When you have just spent more time in the school in one weekend than you would in a normal week.

When you are so deep sleprived that… zzzzzz

When you have fallen asleep every time you have sat down today.

When autonomous mode really just doesn’t seem that important any more. And not because you have more important things to do, just because you’re too tired to bother.

When you realize that you’ve been running your robot for the past 24 hours without bolting down the shooter (D’oh)

When you haven’t eaten a meal at home in 5 days (and you usually eat at least two every day), and you haven’t eaten at all in 18 hours.

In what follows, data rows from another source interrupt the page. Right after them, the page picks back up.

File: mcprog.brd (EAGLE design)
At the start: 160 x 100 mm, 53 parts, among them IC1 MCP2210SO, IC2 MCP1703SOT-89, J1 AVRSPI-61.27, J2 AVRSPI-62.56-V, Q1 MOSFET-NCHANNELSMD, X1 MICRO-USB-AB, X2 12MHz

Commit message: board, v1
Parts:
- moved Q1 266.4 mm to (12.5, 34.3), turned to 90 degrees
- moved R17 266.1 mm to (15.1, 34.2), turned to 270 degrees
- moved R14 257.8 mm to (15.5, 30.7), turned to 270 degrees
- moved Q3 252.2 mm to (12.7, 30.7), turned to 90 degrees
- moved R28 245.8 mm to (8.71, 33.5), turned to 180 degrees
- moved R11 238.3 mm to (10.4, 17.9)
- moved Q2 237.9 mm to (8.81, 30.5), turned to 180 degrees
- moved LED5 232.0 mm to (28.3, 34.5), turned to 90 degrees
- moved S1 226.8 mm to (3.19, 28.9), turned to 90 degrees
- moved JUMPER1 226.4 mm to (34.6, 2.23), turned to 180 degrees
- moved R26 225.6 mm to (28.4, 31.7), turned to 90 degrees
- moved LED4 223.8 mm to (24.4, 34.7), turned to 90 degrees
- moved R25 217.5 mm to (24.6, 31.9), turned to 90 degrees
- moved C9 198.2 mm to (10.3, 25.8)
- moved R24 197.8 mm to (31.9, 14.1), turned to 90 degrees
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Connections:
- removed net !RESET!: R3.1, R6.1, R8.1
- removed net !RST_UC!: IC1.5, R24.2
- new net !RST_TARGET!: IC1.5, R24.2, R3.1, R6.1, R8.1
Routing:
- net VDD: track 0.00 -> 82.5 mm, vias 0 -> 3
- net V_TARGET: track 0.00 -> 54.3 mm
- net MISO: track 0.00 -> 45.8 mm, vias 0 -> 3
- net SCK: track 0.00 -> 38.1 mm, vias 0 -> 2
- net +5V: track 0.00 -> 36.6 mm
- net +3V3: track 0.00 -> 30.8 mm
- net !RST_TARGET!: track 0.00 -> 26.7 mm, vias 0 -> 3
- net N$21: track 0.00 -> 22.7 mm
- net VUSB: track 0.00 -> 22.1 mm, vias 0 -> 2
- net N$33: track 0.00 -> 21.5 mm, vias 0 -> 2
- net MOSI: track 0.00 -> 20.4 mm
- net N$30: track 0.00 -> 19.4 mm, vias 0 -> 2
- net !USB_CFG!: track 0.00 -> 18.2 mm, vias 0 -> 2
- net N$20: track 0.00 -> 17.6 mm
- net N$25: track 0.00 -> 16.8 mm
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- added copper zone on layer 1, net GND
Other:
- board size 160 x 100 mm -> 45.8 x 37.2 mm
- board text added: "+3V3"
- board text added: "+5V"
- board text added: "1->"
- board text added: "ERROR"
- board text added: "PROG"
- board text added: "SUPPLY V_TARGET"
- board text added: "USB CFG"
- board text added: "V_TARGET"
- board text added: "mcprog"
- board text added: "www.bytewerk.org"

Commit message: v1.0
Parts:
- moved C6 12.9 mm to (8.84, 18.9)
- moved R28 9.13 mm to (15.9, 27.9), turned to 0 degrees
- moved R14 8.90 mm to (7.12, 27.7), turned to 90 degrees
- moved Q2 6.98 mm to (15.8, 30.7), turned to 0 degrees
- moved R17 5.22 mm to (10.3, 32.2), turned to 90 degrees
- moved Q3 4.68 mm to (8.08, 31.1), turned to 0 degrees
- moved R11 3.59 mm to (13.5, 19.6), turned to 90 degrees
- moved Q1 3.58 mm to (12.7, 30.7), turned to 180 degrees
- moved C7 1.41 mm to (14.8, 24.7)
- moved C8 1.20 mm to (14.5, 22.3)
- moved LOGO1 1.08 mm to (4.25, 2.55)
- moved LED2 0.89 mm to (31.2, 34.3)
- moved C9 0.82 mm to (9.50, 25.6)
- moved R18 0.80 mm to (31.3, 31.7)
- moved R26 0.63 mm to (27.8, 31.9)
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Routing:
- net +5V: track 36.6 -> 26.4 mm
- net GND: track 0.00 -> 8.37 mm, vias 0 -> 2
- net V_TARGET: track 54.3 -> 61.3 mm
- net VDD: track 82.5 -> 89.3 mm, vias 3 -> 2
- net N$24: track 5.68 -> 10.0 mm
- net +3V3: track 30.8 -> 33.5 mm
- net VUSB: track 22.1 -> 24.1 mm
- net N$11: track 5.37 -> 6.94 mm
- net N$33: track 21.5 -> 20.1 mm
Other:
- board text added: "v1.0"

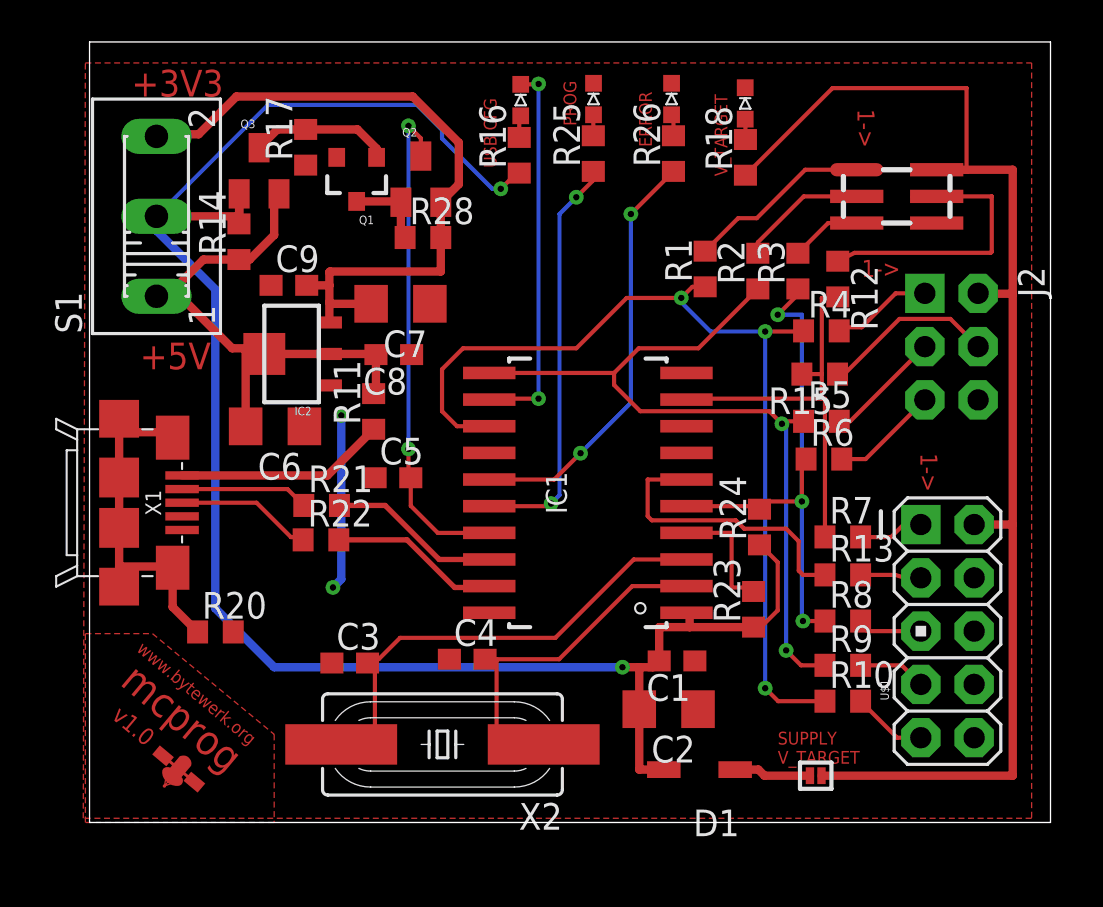
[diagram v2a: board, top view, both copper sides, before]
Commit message: Fixing some minor DRC problems. R23 now is 10k
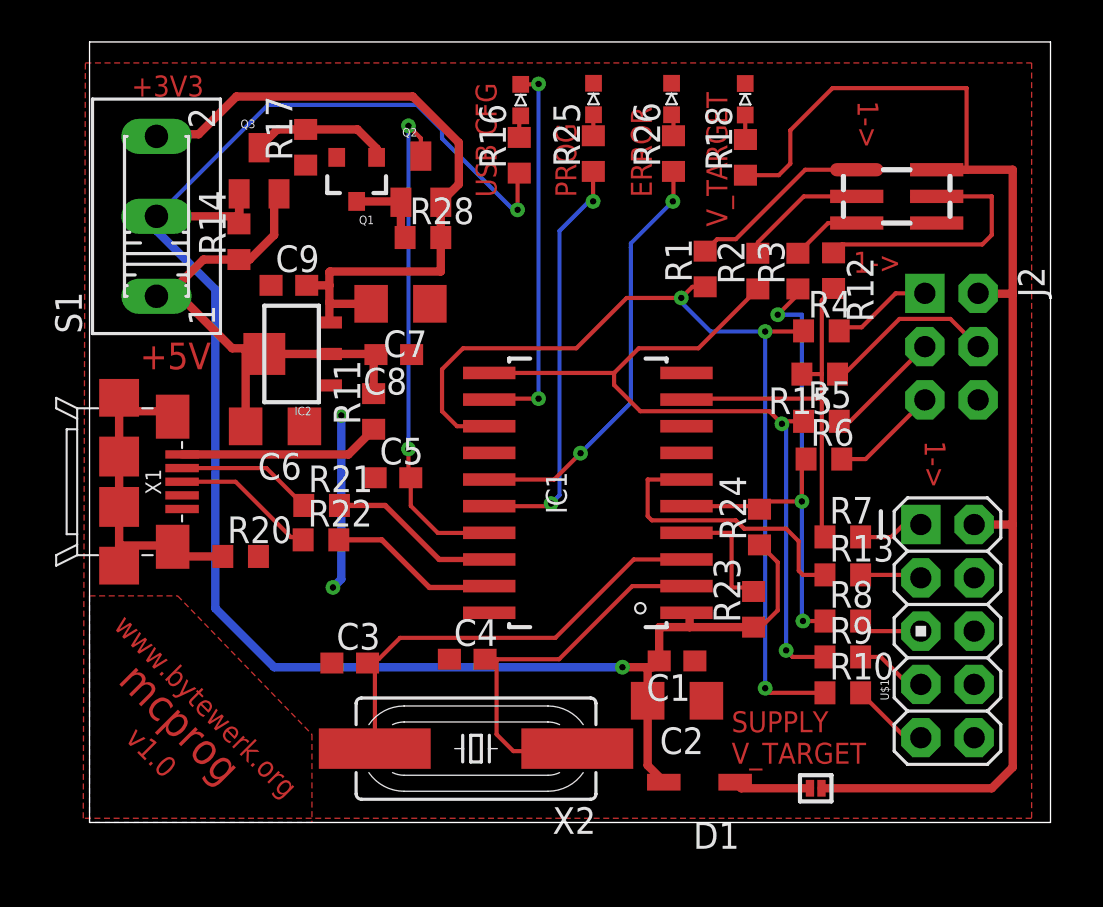
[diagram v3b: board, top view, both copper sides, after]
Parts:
- removed LOGO1: (no value), bytewerk-logo:BYTEWERK-LOGO
- R23: value 1k -> 10k
- moved R20 3.79 mm to (7.20, 12.7)
- moved X2 1.61 mm to (18.4, 3.52)
- moved X1 1.00 mm to (1.41, 16.2)
- moved D1 0.60 mm to (29.1, 1.92)
- moved JUMPER1 0.60 mm to (34.6, 1.63)
- moved C2 0.57 mm to (28.0, 5.80)
- moved R12 0.45 mm to (35.5, 26.3)
- moved R10 0.40 mm to (35.9, 6.18)
- moved R9 0.40 mm to (35.9, 7.89)
- moved LED2 0.20 mm to (31.2, 34.5)
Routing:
- net VDD: track 89.3 -> 91.0 mm
- net N$20: track 17.6 -> 18.9 mm
- net N$21: track 22.7 -> 21.5 mm
- net N$25: track 16.8 -> 15.8 mm
- net V_TARGET: track 61.3 -> 62.2 mm
- net MOSI: track 20.4 -> 19.6 mm

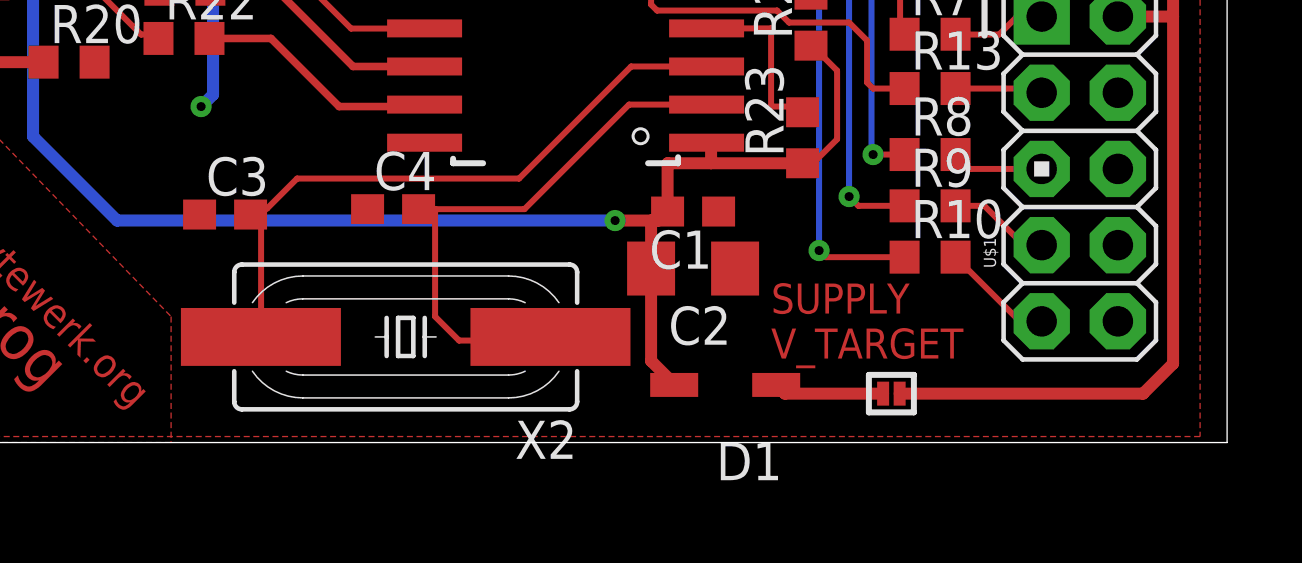
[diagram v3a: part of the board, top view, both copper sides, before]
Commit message: improve GND path
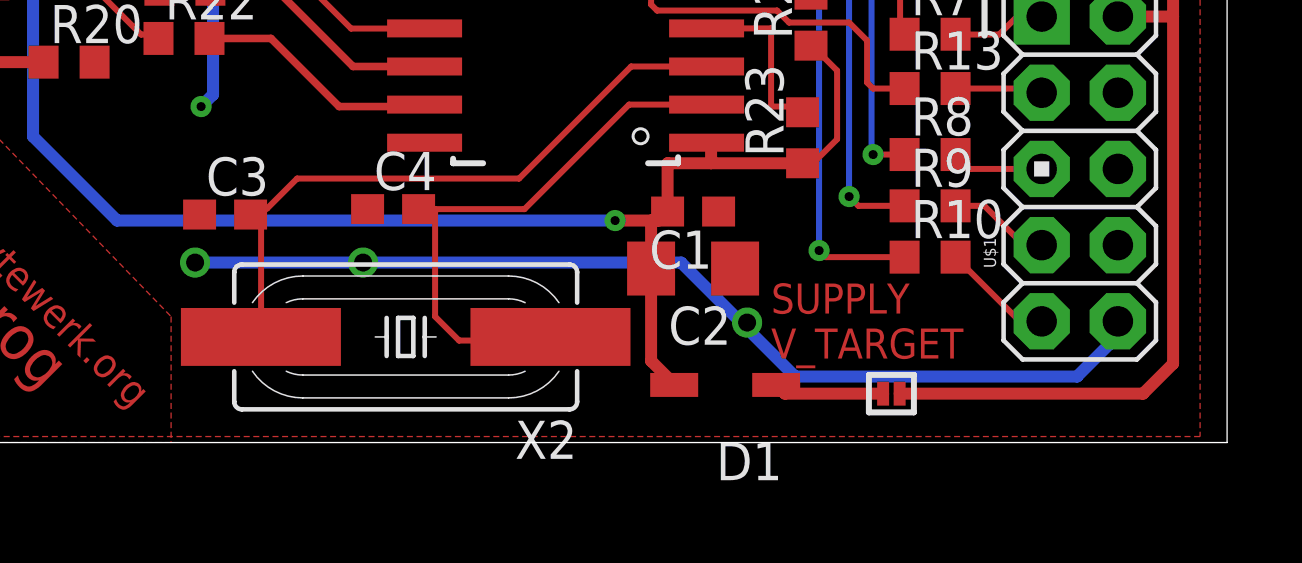
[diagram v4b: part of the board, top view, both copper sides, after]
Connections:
- net GND: no longer U$1.4, U$1.6, U$1.8
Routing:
- net GND: track 8.37 -> 41.7 mm, vias 2 -> 5
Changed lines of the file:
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@@
 <contactref element="J1" pad="6"/>
 <contactref element="J2" pad="6"/>
-<contactref element="U$1" pad="4"/>
-<contactref element="U$1" pad="10"/>
-<contactref element="U$1" pad="8"/>
-<contactref element="U$1" pad="6"/>
 <contactref element="X1" pad="5"/>
 <contactref element="R20" pad="2"/>
@@
 <vertex x="0" y="0"/>
 </polygon>
+<via x="11.4" y="6" extent="1-16" drill="0.6"/>
+<wire x1="40.8" y1="2.2" x2="42.2" y2="3.6" width="0.4" layer="16"/>
+<wire x1="42.2" y1="3.6" x2="42.2" y2="4" width="0.4" layer="16"/>
+<contactref element="U$1" pad="10"/>
+<wire x1="11.4" y1="6" x2="17" y2="6" width="0.4" layer="16"/>
+<wire x1="17" y1="6" x2="27.6" y2="6" width="0.4" layer="16"/>
+<wire x1="27.6" y1="6" x2="31.4" y2="2.2" width="0.4" layer="16"/>
+<wire x1="31.4" y1="2.2" x2="40.8" y2="2.2" width="0.4" layer="16"/>
+<via x="17" y="6" extent="1-16" drill="0.6"/>
+<via x="29.8" y="4" extent="1-16" drill="0.6"/>
 </signal>
 <signal name="MOSI">

When wednesday morining comes around and you decide that you’re too tired to bother starting your homework for the weekend.

When you’re browsing chiefdelphi instead of sleeping… even though you desperately need the sleep and are staring blankly at the screen even as I type.

When the robot actually works

  - Toby

Overclocked, 246

  • You’re tired of standing and lean against a drill press, and fall asleep (oops)
  • Class? What class?
  • You eat pizza out of the fridge when nobody knows how it got there, or how long it’s been there
  • Showering is for the weak
  • The cleaning ladies bring you copies of the paper, with your robot on the front page… while you’re still testing at 7 am
  • You nickname the overweight robot ‘Tubby’ and the entire team convulses with laughter
  • You paint the crate beautifully… upside down
  • You have eaten a whole loaf of bread’s worth of PB&J in one week

When the programmers decide to go on strike, because they wantto test their code.

Parents call at 3 am to see what time you will be coming home tomorrow morning

Have to do off-roading to get the cars past the locked gates.

When you can’t remember your last actual meal.

When EVERYTHING looks like a robot.

When washing your hair in a sink is a viable vanity option.

When you start discussing new and unusual uses for the practice poof balls.